**TASK TO COMPLETE**
Copy out, from the entries below, each line that holds the string "CORDIC".

**Stored entries**
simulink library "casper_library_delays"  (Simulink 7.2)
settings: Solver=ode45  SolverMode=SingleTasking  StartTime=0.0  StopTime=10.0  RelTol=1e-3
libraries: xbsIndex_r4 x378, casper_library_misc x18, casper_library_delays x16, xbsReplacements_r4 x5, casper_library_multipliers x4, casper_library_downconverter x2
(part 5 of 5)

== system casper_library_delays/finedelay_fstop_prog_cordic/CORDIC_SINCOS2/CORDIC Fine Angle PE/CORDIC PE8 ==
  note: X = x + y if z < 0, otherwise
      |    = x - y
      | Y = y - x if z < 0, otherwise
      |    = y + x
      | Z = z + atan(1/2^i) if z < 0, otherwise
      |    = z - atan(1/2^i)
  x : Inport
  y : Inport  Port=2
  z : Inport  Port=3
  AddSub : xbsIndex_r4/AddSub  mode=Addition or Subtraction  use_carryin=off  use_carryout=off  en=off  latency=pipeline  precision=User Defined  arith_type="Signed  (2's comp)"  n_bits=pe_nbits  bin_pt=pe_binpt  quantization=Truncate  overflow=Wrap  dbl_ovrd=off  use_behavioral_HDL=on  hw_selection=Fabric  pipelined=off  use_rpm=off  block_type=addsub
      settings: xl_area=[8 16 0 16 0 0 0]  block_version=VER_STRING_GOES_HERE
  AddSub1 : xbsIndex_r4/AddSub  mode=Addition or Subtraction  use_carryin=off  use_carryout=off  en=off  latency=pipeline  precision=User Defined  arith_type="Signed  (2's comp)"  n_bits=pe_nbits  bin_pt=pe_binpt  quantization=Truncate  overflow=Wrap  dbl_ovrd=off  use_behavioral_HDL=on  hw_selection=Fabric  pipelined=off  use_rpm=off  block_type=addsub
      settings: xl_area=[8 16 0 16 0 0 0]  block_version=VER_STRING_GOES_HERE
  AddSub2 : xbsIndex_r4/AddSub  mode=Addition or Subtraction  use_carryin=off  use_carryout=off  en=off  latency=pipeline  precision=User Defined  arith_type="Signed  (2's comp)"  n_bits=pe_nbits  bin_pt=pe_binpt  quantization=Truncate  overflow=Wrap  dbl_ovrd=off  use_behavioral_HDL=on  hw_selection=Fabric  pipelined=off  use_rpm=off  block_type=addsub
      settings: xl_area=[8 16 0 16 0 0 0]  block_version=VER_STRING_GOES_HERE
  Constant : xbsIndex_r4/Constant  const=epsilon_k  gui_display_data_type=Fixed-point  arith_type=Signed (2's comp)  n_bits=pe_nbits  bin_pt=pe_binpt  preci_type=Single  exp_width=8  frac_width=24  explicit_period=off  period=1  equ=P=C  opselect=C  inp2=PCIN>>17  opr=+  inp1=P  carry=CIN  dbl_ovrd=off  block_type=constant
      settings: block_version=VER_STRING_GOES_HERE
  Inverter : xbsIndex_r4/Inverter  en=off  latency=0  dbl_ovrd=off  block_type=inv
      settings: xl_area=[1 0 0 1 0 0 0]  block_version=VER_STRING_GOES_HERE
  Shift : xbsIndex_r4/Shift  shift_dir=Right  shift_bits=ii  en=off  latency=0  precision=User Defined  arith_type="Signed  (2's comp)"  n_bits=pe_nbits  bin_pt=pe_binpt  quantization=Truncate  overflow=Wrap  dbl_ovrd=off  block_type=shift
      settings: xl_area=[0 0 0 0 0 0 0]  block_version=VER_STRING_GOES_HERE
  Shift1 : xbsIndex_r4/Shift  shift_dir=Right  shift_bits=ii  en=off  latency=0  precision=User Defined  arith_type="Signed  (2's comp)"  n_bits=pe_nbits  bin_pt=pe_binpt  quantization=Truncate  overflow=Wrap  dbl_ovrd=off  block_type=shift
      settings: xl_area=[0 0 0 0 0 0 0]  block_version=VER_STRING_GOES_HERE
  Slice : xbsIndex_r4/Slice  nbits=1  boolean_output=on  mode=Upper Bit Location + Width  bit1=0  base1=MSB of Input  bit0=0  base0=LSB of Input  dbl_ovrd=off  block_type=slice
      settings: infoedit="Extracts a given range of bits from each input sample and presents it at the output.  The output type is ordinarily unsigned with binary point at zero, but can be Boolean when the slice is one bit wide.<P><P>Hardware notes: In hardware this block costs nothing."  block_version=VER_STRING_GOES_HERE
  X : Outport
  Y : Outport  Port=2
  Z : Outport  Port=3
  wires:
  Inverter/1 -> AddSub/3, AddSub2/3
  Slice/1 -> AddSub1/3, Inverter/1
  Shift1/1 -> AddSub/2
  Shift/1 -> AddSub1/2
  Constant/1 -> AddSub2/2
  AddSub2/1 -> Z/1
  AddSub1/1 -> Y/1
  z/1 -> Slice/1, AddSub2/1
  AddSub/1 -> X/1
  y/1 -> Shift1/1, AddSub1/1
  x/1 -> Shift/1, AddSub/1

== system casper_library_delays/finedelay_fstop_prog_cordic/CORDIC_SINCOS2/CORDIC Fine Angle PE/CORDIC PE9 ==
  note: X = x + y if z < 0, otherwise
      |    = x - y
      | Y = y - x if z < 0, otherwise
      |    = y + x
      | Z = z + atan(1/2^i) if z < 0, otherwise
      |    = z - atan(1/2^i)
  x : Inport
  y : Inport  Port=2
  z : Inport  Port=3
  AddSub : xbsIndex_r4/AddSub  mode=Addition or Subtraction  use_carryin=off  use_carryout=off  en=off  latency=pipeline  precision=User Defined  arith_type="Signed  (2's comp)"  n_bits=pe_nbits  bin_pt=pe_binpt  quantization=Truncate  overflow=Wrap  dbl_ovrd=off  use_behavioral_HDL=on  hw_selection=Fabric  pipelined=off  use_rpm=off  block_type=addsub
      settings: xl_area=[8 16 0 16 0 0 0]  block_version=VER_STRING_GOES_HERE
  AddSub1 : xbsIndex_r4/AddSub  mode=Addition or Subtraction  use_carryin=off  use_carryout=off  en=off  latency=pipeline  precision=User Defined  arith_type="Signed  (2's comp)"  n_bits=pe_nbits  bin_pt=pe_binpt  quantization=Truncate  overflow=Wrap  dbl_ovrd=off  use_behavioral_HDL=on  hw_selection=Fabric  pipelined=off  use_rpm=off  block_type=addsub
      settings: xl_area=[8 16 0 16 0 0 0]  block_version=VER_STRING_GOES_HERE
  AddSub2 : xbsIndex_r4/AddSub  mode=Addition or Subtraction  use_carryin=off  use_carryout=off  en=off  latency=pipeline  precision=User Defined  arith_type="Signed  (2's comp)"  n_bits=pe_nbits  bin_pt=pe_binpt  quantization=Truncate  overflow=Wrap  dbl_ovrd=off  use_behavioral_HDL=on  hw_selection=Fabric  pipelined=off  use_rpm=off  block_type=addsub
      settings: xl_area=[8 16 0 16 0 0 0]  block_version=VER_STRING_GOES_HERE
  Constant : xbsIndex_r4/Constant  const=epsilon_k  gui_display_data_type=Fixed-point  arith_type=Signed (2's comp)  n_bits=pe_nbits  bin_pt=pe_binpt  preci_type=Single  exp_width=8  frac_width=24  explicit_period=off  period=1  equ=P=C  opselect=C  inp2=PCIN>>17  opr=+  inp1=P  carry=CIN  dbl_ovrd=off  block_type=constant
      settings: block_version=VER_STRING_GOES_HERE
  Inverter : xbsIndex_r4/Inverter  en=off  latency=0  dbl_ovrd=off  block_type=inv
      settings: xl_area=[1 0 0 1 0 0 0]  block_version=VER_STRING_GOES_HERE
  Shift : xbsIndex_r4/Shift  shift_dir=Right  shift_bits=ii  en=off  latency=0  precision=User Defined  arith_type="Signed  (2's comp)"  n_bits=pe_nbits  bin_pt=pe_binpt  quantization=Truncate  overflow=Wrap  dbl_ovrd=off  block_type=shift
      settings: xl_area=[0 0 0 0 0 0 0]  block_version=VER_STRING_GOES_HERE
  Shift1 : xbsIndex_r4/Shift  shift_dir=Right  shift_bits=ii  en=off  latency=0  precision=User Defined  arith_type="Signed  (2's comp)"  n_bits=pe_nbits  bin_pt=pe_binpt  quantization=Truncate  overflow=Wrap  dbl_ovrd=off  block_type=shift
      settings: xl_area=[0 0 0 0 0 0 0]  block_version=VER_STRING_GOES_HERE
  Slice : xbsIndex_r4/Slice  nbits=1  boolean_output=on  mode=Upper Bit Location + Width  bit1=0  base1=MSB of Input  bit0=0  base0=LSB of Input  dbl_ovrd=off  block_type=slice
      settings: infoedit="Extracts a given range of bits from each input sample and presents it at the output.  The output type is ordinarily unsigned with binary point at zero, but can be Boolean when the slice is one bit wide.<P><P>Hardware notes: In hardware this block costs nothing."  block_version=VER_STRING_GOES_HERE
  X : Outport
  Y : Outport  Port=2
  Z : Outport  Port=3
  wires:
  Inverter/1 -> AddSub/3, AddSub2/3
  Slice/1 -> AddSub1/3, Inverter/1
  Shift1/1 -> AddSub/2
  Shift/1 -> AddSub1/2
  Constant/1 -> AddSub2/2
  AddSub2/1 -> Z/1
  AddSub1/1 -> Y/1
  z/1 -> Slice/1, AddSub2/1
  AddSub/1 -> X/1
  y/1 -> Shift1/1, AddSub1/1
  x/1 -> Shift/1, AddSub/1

**RESULT OF THIS EXERCISE**
== system casper_library_delays/finedelay_fstop_prog_cordic/CORDIC_SINCOS2/CORDIC Fine Angle PE/CORDIC PE8 ==
== system casper_library_delays/finedelay_fstop_prog_cordic/CORDIC_SINCOS2/CORDIC Fine Angle PE/CORDIC PE9 ==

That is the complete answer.